Question

Consider three traded bonds A, B, and C with the following data: Bond A has face value $1,000, zero coupon, maturity in 1 year and YTM of 5%; bond B has face value of $1,000, 5% coupon rate, maturity in 2 years and YTM of 5.85%; bond C has face value of $1,000, 10% coupon rate, maturity in 2 years and YTM of 6%. Coupon payments are made at the end of years 1 and 2.

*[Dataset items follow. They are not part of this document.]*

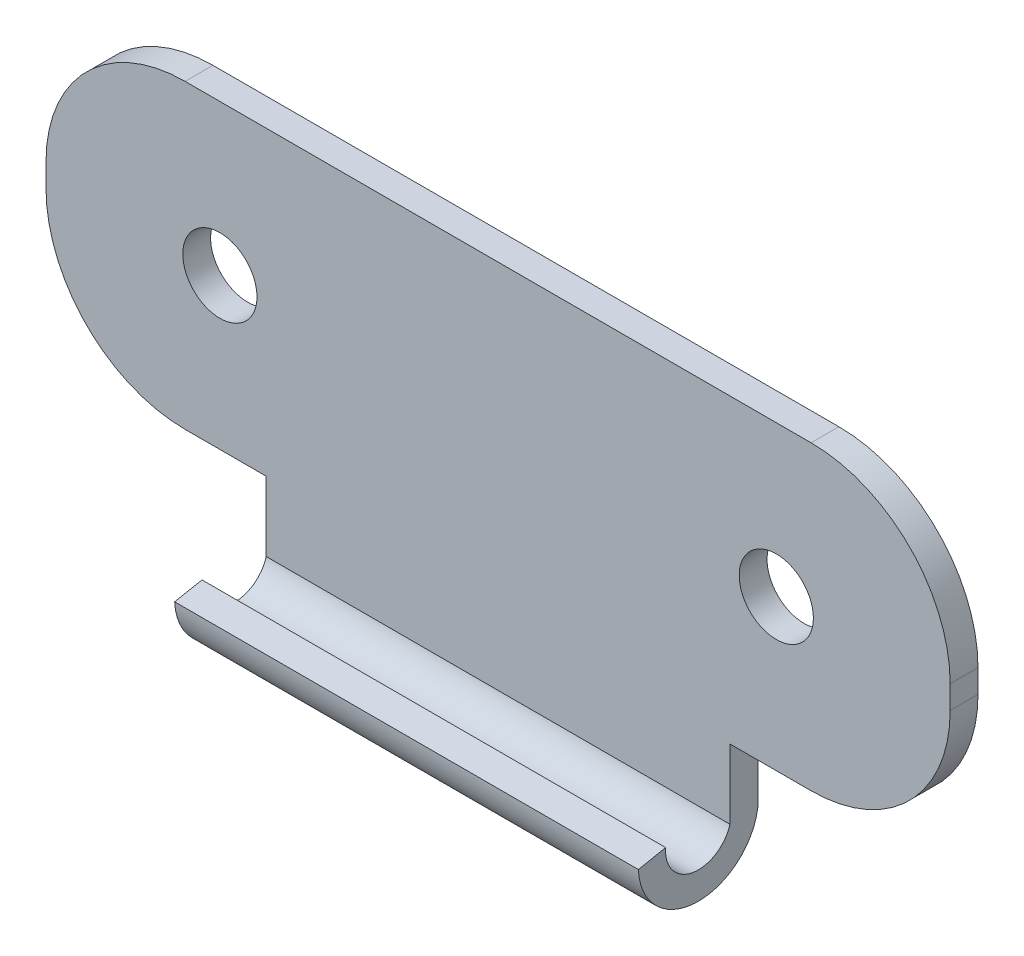
ISO-10303-21;
HEADER;
FILE_DESCRIPTION(('STEP AP214'),'2;1');
FILE_NAME('part.step','',(''),(''),'','','');
FILE_SCHEMA(('AUTOMOTIVE_DESIGN { 1 0 10303 214 1 1 1 1 }'));
ENDSEC;
DATA;
#1=APPLICATION_CONTEXT('core data for automotive mechanical design processes');
#2=APPLICATION_PROTOCOL_DEFINITION('international standard','automotive_design',2000,#1);
#3=PRODUCT_CONTEXT('',#1,'mechanical');
#4=PRODUCT('Part','Part','',(#3));
#5=PRODUCT_RELATED_PRODUCT_CATEGORY('part','',(#4));
#6=PRODUCT_DEFINITION_FORMATION('','',#4);
#7=PRODUCT_DEFINITION_CONTEXT('part definition',#1,'design');
#8=PRODUCT_DEFINITION('design','',#6,#7);
#9=PRODUCT_DEFINITION_SHAPE('','',#8);
#10=(LENGTH_UNIT() NAMED_UNIT(*) SI_UNIT(.MILLI.,.METRE.));
#11=(NAMED_UNIT(*) PLANE_ANGLE_UNIT() SI_UNIT($,.RADIAN.));
#12=(NAMED_UNIT(*) SI_UNIT($,.STERADIAN.) SOLID_ANGLE_UNIT());
#13=UNCERTAINTY_MEASURE_WITH_UNIT(LENGTH_MEASURE(1.E-05),#10,'distance_accuracy_value','');
#14=(GEOMETRIC_REPRESENTATION_CONTEXT(3) GLOBAL_UNCERTAINTY_ASSIGNED_CONTEXT((#13)) GLOBAL_UNIT_ASSIGNED_CONTEXT((#10,
#11,#12)) REPRESENTATION_CONTEXT('',''));
#15=CARTESIAN_POINT('',(0.,0.,0.));
#16=DIRECTION('',(0.,0.,1.));
#17=DIRECTION('',(1.,0.,0.));
#18=AXIS2_PLACEMENT_3D('',#15,#16,#17);
#19=CARTESIAN_POINT('',(10.9780600461894,2.42147806004619,1.2));
#20=DIRECTION('',(0.,0.,-1.));
#21=DIRECTION('',(-1.,0.,0.));
#22=AXIS2_PLACEMENT_3D('',#19,#20,#21);
#23=CYLINDRICAL_SURFACE('',#22,6.);
#24=CARTESIAN_POINT('',(10.9780600461894,2.42147806004619,0.));
#25=DIRECTION('',(0.,0.,1.));
#26=DIRECTION('',(1.,0.,0.));
#27=AXIS2_PLACEMENT_3D('',#24,#25,#26);
#28=CIRCLE('',#27,6.);
#29=CARTESIAN_POINT('',(16.9780600461894,2.42147806004615,0.));
#30=VERTEX_POINT('',#29);
#31=CARTESIAN_POINT('',(10.9780600461893,8.42147806004619,0.));
#32=VERTEX_POINT('',#31);
#33=EDGE_CURVE('E149',#30,#32,#28,.T.);
#34=ORIENTED_EDGE('',*,*,#33,.T.);
#35=DIRECTION('',(0.,0.,-1.));
#36=VECTOR('',#35,1.);
#37=CARTESIAN_POINT('',(10.9780600461893,8.42147806004619,1.2));
#38=LINE('',#37,#36);
#39=CARTESIAN_POINT('',(10.9780600461893,8.42147806004619,1.2));
#40=VERTEX_POINT('',#39);
#41=EDGE_CURVE('E11',#40,#32,#38,.T.);
#42=ORIENTED_EDGE('',*,*,#41,.F.);
#43=CARTESIAN_POINT('',(10.9780600461894,2.42147806004619,1.2));
#44=DIRECTION('',(0.,0.,1.));
#45=DIRECTION('',(1.,0.,0.));
#46=AXIS2_PLACEMENT_3D('',#43,#44,#45);
#47=CIRCLE('',#46,6.);
#48=CARTESIAN_POINT('',(16.9780600461894,2.42147806004615,1.2));
#49=VERTEX_POINT('',#48);
#50=EDGE_CURVE('E174',#49,#40,#47,.T.);
#51=ORIENTED_EDGE('',*,*,#50,.F.);
#52=DIRECTION('',(0.,0.,-1.));
#53=VECTOR('',#52,1.);
#54=CARTESIAN_POINT('',(16.9780600461894,2.42147806004615,1.2));
#55=LINE('',#54,#53);
#56=EDGE_CURVE('E145',#49,#30,#55,.T.);
#57=ORIENTED_EDGE('',*,*,#56,.T.);
#58=EDGE_LOOP('',(#34,#42,#51,#57));
#59=FACE_BOUND('',#58,.T.);
#60=ADVANCED_FACE('F34',(#59),#23,.T.);
#61=CARTESIAN_POINT('',(-16.0219399538106,8.42147806004619,1.2));
#62=DIRECTION('',(0.,-1.,0.));
#63=DIRECTION('',(0.,0.,-1.));
#64=AXIS2_PLACEMENT_3D('',#61,#62,#63);
#65=PLANE('',#64);
#66=DIRECTION('',(-1.,0.,0.));
#67=VECTOR('',#66,1.);
#68=CARTESIAN_POINT('',(-16.0219399538106,8.42147806004619,0.));
#69=LINE('',#68,#67);
#70=CARTESIAN_POINT('',(-16.0219399538106,8.42147806004619,0.));
#71=VERTEX_POINT('',#70);
#72=EDGE_CURVE('E152',#32,#71,#69,.T.);
#73=ORIENTED_EDGE('',*,*,#72,.T.);
#74=DIRECTION('',(0.,0.,-1.));
#75=VECTOR('',#74,1.);
#76=CARTESIAN_POINT('',(-16.0219399538106,8.42147806004619,1.2));
#77=LINE('',#76,#75);
#78=CARTESIAN_POINT('',(-16.0219399538106,8.42147806004619,1.2));
#79=VERTEX_POINT('',#78);
#80=EDGE_CURVE('E42',#79,#71,#77,.T.);
#81=ORIENTED_EDGE('',*,*,#80,.F.);
#82=DIRECTION('',(-1.,0.,0.));
#83=VECTOR('',#82,1.);
#84=CARTESIAN_POINT('',(-16.0219399538106,8.42147806004619,1.2));
#85=LINE('',#84,#83);
#86=EDGE_CURVE('E100',#40,#79,#85,.T.);
#87=ORIENTED_EDGE('',*,*,#86,.F.);
#88=ORIENTED_EDGE('',*,*,#41,.T.);
#89=EDGE_LOOP('',(#73,#81,#87,#88));
#90=FACE_BOUND('',#89,.T.);
#91=ADVANCED_FACE('F253',(#90),#65,.F.);
#92=CARTESIAN_POINT('',(-16.0219399538106,2.42147806004619,1.2));
#93=DIRECTION('',(0.,0.,-1.));
#94=DIRECTION('',(-1.,0.,0.));
#95=AXIS2_PLACEMENT_3D('',#92,#93,#94);
#96=CYLINDRICAL_SURFACE('',#95,6.);
#97=CARTESIAN_POINT('',(-16.0219399538106,2.42147806004619,0.));
#98=DIRECTION('',(0.,0.,1.));
#99=DIRECTION('',(-1.,0.,0.));
#100=AXIS2_PLACEMENT_3D('',#97,#98,#99);
#101=CIRCLE('',#100,6.);
#102=CARTESIAN_POINT('',(-22.0219399538106,2.42147806004615,0.));
#103=VERTEX_POINT('',#102);
#104=EDGE_CURVE('E155',#71,#103,#101,.T.);
#105=ORIENTED_EDGE('',*,*,#104,.T.);
#106=DIRECTION('',(0.,0.,-1.));
#107=VECTOR('',#106,1.);
#108=CARTESIAN_POINT('',(-22.0219399538106,2.42147806004615,1.2));
#109=LINE('',#108,#107);
#110=CARTESIAN_POINT('',(-22.0219399538106,2.42147806004615,1.2));
#111=VERTEX_POINT('',#110);
#112=EDGE_CURVE('E187',#111,#103,#109,.T.);
#113=ORIENTED_EDGE('',*,*,#112,.F.);
#114=CARTESIAN_POINT('',(-16.0219399538106,2.42147806004619,1.2));
#115=DIRECTION('',(0.,0.,1.));
#116=DIRECTION('',(-1.,0.,0.));
#117=AXIS2_PLACEMENT_3D('',#114,#115,#116);
#118=CIRCLE('',#117,6.);
#119=EDGE_CURVE('E195',#79,#111,#118,.T.);
#120=ORIENTED_EDGE('',*,*,#119,.F.);
#121=ORIENTED_EDGE('',*,*,#80,.T.);
#122=EDGE_LOOP('',(#105,#113,#120,#121));
#123=FACE_BOUND('',#122,.T.);
#124=ADVANCED_FACE('F193',(#123),#96,.T.);
#125=CARTESIAN_POINT('',(-22.0219399538106,2.42147806004615,1.2));
#126=DIRECTION('',(1.,0.,0.));
#127=DIRECTION('',(0.,0.,-1.));
#128=AXIS2_PLACEMENT_3D('',#125,#126,#127);
#129=PLANE('',#128);
#130=DIRECTION('',(0.,-1.,0.));
#131=VECTOR('',#130,1.);
#132=CARTESIAN_POINT('',(-22.0219399538106,2.42147806004615,0.));
#133=LINE('',#132,#131);
#134=CARTESIAN_POINT('',(-22.0219399538106,1.42147806004619,0.));
#135=VERTEX_POINT('',#134);
#136=EDGE_CURVE('E157',#103,#135,#133,.T.);
#137=ORIENTED_EDGE('',*,*,#136,.T.);
#138=DIRECTION('',(0.,0.,-1.));
#139=VECTOR('',#138,1.);
#140=CARTESIAN_POINT('',(-22.0219399538106,1.42147806004619,1.2));
#141=LINE('',#140,#139);
#142=CARTESIAN_POINT('',(-22.0219399538106,1.42147806004619,1.2));
#143=VERTEX_POINT('',#142);
#144=EDGE_CURVE('E184',#143,#135,#141,.T.);
#145=ORIENTED_EDGE('',*,*,#144,.F.);
#146=DIRECTION('',(0.,-1.,0.));
#147=VECTOR('',#146,1.);
#148=CARTESIAN_POINT('',(-22.0219399538106,2.42147806004615,1.2));
#149=LINE('',#148,#147);
#150=EDGE_CURVE('E213',#111,#143,#149,.T.);
#151=ORIENTED_EDGE('',*,*,#150,.F.);
#152=ORIENTED_EDGE('',*,*,#112,.T.);
#153=EDGE_LOOP('',(#137,#145,#151,#152));
#154=FACE_BOUND('',#153,.T.);
#155=ADVANCED_FACE('F204',(#154),#129,.F.);
#156=CARTESIAN_POINT('',(-16.0219399538106,1.42147806004619,1.2));
#157=DIRECTION('',(0.,0.,-1.));
#158=DIRECTION('',(-1.,0.,0.));
#159=AXIS2_PLACEMENT_3D('',#156,#157,#158);
#160=CYLINDRICAL_SURFACE('',#159,6.);
#161=CARTESIAN_POINT('',(-16.0219399538106,1.42147806004619,0.));
#162=DIRECTION('',(0.,0.,1.));
#163=DIRECTION('',(-1.,0.,0.));
#164=AXIS2_PLACEMENT_3D('',#161,#162,#163);
#165=CIRCLE('',#164,6.);
#166=CARTESIAN_POINT('',(-16.0219399538106,-4.57852193995381,0.));
#167=VERTEX_POINT('',#166);
#168=EDGE_CURVE('E159',#135,#167,#165,.T.);
#169=ORIENTED_EDGE('',*,*,#168,.T.);
#170=DIRECTION('',(0.,0.,-1.));
#171=VECTOR('',#170,1.);
#172=CARTESIAN_POINT('',(-16.0219399538106,-4.57852193995381,1.2));
#173=LINE('',#172,#171);
#174=CARTESIAN_POINT('',(-16.0219399538106,-4.57852193995381,1.2));
#175=VERTEX_POINT('',#174);
#176=EDGE_CURVE('E181',#175,#167,#173,.T.);
#177=ORIENTED_EDGE('',*,*,#176,.F.);
#178=CARTESIAN_POINT('',(-16.0219399538106,1.42147806004619,1.2));
#179=DIRECTION('',(0.,0.,1.));
#180=DIRECTION('',(-1.,0.,0.));
#181=AXIS2_PLACEMENT_3D('',#178,#179,#180);
#182=CIRCLE('',#181,6.);
#183=EDGE_CURVE('E210',#143,#175,#182,.T.);
#184=ORIENTED_EDGE('',*,*,#183,.F.);
#185=ORIENTED_EDGE('',*,*,#144,.T.);
#186=EDGE_LOOP('',(#169,#177,#184,#185));
#187=FACE_BOUND('',#186,.T.);
#188=ADVANCED_FACE('F208',(#187),#160,.T.);
#189=CARTESIAN_POINT('',(-16.0219399538106,-4.57852193995381,1.2));
#190=DIRECTION('',(0.,1.,0.));
#191=DIRECTION('',(-1.,0.,0.));
#192=AXIS2_PLACEMENT_3D('',#189,#190,#191);
#193=PLANE('',#192);
#194=DIRECTION('',(1.,0.,0.));
#195=VECTOR('',#194,1.);
#196=CARTESIAN_POINT('',(-16.0219399538106,-4.57852193995381,0.));
#197=LINE('',#196,#195);
#198=CARTESIAN_POINT('',(-12.5219399538106,-4.57852193995381,0.));
#199=VERTEX_POINT('',#198);
#200=EDGE_CURVE('E161',#167,#199,#197,.T.);
#201=ORIENTED_EDGE('',*,*,#200,.T.);
#202=DIRECTION('',(0.,0.,-1.));
#203=VECTOR('',#202,1.);
#204=CARTESIAN_POINT('',(-12.5219399538106,-4.57852193995381,1.2));
#205=LINE('',#204,#203);
#206=CARTESIAN_POINT('',(-12.5219399538106,-4.57852193995381,1.2));
#207=VERTEX_POINT('',#206);
#208=EDGE_CURVE('E178',#207,#199,#205,.T.);
#209=ORIENTED_EDGE('',*,*,#208,.F.);
#210=DIRECTION('',(1.,0.,0.));
#211=VECTOR('',#210,1.);
#212=CARTESIAN_POINT('',(-16.0219399538106,-4.57852193995381,1.2));
#213=LINE('',#212,#211);
#214=EDGE_CURVE('E212',#175,#207,#213,.T.);
#215=ORIENTED_EDGE('',*,*,#214,.F.);
#216=ORIENTED_EDGE('',*,*,#176,.T.);
#217=EDGE_LOOP('',(#201,#209,#215,#216));
#218=FACE_BOUND('',#217,.T.);
#219=ADVANCED_FACE('F266',(#218),#193,.F.);
#220=CARTESIAN_POINT('',(-12.5219399538106,-4.57852193995381,1.2));
#221=DIRECTION('',(1.,0.,0.));
#222=DIRECTION('',(0.,1.,0.));
#223=AXIS2_PLACEMENT_3D('',#220,#221,#222);
#224=PLANE('',#223);
#225=DIRECTION('',(0.,-1.,0.));
#226=VECTOR('',#225,1.);
#227=CARTESIAN_POINT('',(-12.5219399538106,-4.57852193995381,0.));
#228=LINE('',#227,#226);
#229=CARTESIAN_POINT('',(-12.5219399538106,-7.57852193995381,0.));
#230=VERTEX_POINT('',#229);
#231=EDGE_CURVE('E163',#199,#230,#228,.T.);
#232=ORIENTED_EDGE('',*,*,#231,.T.);
#233=CARTESIAN_POINT('',(-12.5219399538106,-7.18628966967744,2.56116135138184));
#234=DIRECTION('',(-1.,0.,0.));
#235=DIRECTION('',(0.,-0.151381312344085,-0.988475441411158));
#236=AXIS2_PLACEMENT_3D('',#233,#234,#235);
#237=CIRCLE('',#236,2.5910217331505);
#238=CARTESIAN_POINT('',(-12.5219399538106,-7.29409727261749,5.14993927588725));
#239=VERTEX_POINT('',#238);
#240=EDGE_CURVE('E410',#230,#239,#237,.T.);
#241=ORIENTED_EDGE('',*,*,#240,.T.);
#242=DIRECTION('',(0.,-0.192378844648508,0.981320732549611));
#243=VECTOR('',#242,1.);
#244=CARTESIAN_POINT('',(-12.5219399538106,-7.06324265903928,3.97235439682772));
#245=LINE('',#244,#243);
#246=CARTESIAN_POINT('',(-12.5219399538106,-7.06324265903928,3.97235439682772));
#247=VERTEX_POINT('',#246);
#248=EDGE_CURVE('E412',#247,#239,#245,.T.);
#249=ORIENTED_EDGE('',*,*,#248,.F.);
#250=CARTESIAN_POINT('',(-12.5219399538106,-7.18628966967744,2.56116135138184));
#251=DIRECTION('',(-1.,0.,0.));
#252=DIRECTION('',(0.,-0.276893159896233,-0.960900711833787));
#253=AXIS2_PLACEMENT_3D('',#250,#251,#252);
#254=CIRCLE('',#253,1.41654734419355);
#255=CARTESIAN_POINT('',(-12.5219399538106,-7.57852193995381,1.2));
#256=VERTEX_POINT('',#255);
#257=EDGE_CURVE('E373',#256,#247,#254,.T.);
#258=ORIENTED_EDGE('',*,*,#257,.F.);
#259=DIRECTION('',(0.,-1.,0.));
#260=VECTOR('',#259,1.);
#261=CARTESIAN_POINT('',(-12.5219399538106,-4.57852193995381,1.2));
#262=LINE('',#261,#260);
#263=EDGE_CURVE('E215',#207,#256,#262,.T.);
#264=ORIENTED_EDGE('',*,*,#263,.F.);
#265=ORIENTED_EDGE('',*,*,#208,.T.);
#266=EDGE_LOOP('',(#232,#241,#249,#258,#264,#265));
#267=FACE_BOUND('',#266,.T.);
#268=ADVANCED_FACE('F269',(#267),#224,.F.);
#269=CARTESIAN_POINT('',(7.47806004618938,-4.57852193995381,1.2));
#270=DIRECTION('',(-1.,0.,0.));
#271=DIRECTION('',(0.,-1.,0.));
#272=AXIS2_PLACEMENT_3D('',#269,#270,#271);
#273=PLANE('',#272);
#274=DIRECTION('',(0.,1.,0.));
#275=VECTOR('',#274,1.);
#276=CARTESIAN_POINT('',(7.47806004618938,-4.57852193995381,0.));
#277=LINE('',#276,#275);
#278=CARTESIAN_POINT('',(7.47806004618939,-7.57852193995381,0.));
#279=VERTEX_POINT('',#278);
#280=CARTESIAN_POINT('',(7.47806004618938,-4.57852193995381,0.));
#281=VERTEX_POINT('',#280);
#282=EDGE_CURVE('E169',#279,#281,#277,.T.);
#283=ORIENTED_EDGE('',*,*,#282,.T.);
#284=DIRECTION('',(0.,0.,-1.));
#285=VECTOR('',#284,1.);
#286=CARTESIAN_POINT('',(7.47806004618938,-4.57852193995381,1.2));
#287=LINE('',#286,#285);
#288=CARTESIAN_POINT('',(7.47806004618938,-4.57852193995381,1.2));
#289=VERTEX_POINT('',#288);
#290=EDGE_CURVE('E140',#289,#281,#287,.T.);
#291=ORIENTED_EDGE('',*,*,#290,.F.);
#292=DIRECTION('',(0.,1.,0.));
#293=VECTOR('',#292,1.);
#294=CARTESIAN_POINT('',(7.47806004618938,-4.57852193995381,1.2));
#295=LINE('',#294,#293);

(i) What are the current prices of these bonds?

(ii) There is an arbitrage opportunity at the prices you found above; explain why and construct an arbitrage portfolio of bonds (assuming that bonds can be sold short at prices you found in (i)).

Answer 1

I) a) Bond A price = Par value * (1 / (1+i)^n)

Here,

Bond A is zero coupon bond & hence coupon interest is nil.

i = 5% or 0.05, n = 1 year

Bond A price = $1000 * (1 / (1+0.05)^1)

Bond A price = $1000 * 0.9524

Bond A price = $952.40

b) Bond B price = Coupon * ((1 - (1/(1+i)^n)) / i) + Par value * (1 / (1+i)^n)

Here,

Coupon = Par value * Coupon rate = $1000 * 5%

Coupon = $50

i (yield) = 5.85% or 0.0585

n (years) = 2

Now,

Bond B price =$50*((1 - (1/(1+0.0585)^2))/0.0585) + $1000 * (1 / (1+0.0585)^2)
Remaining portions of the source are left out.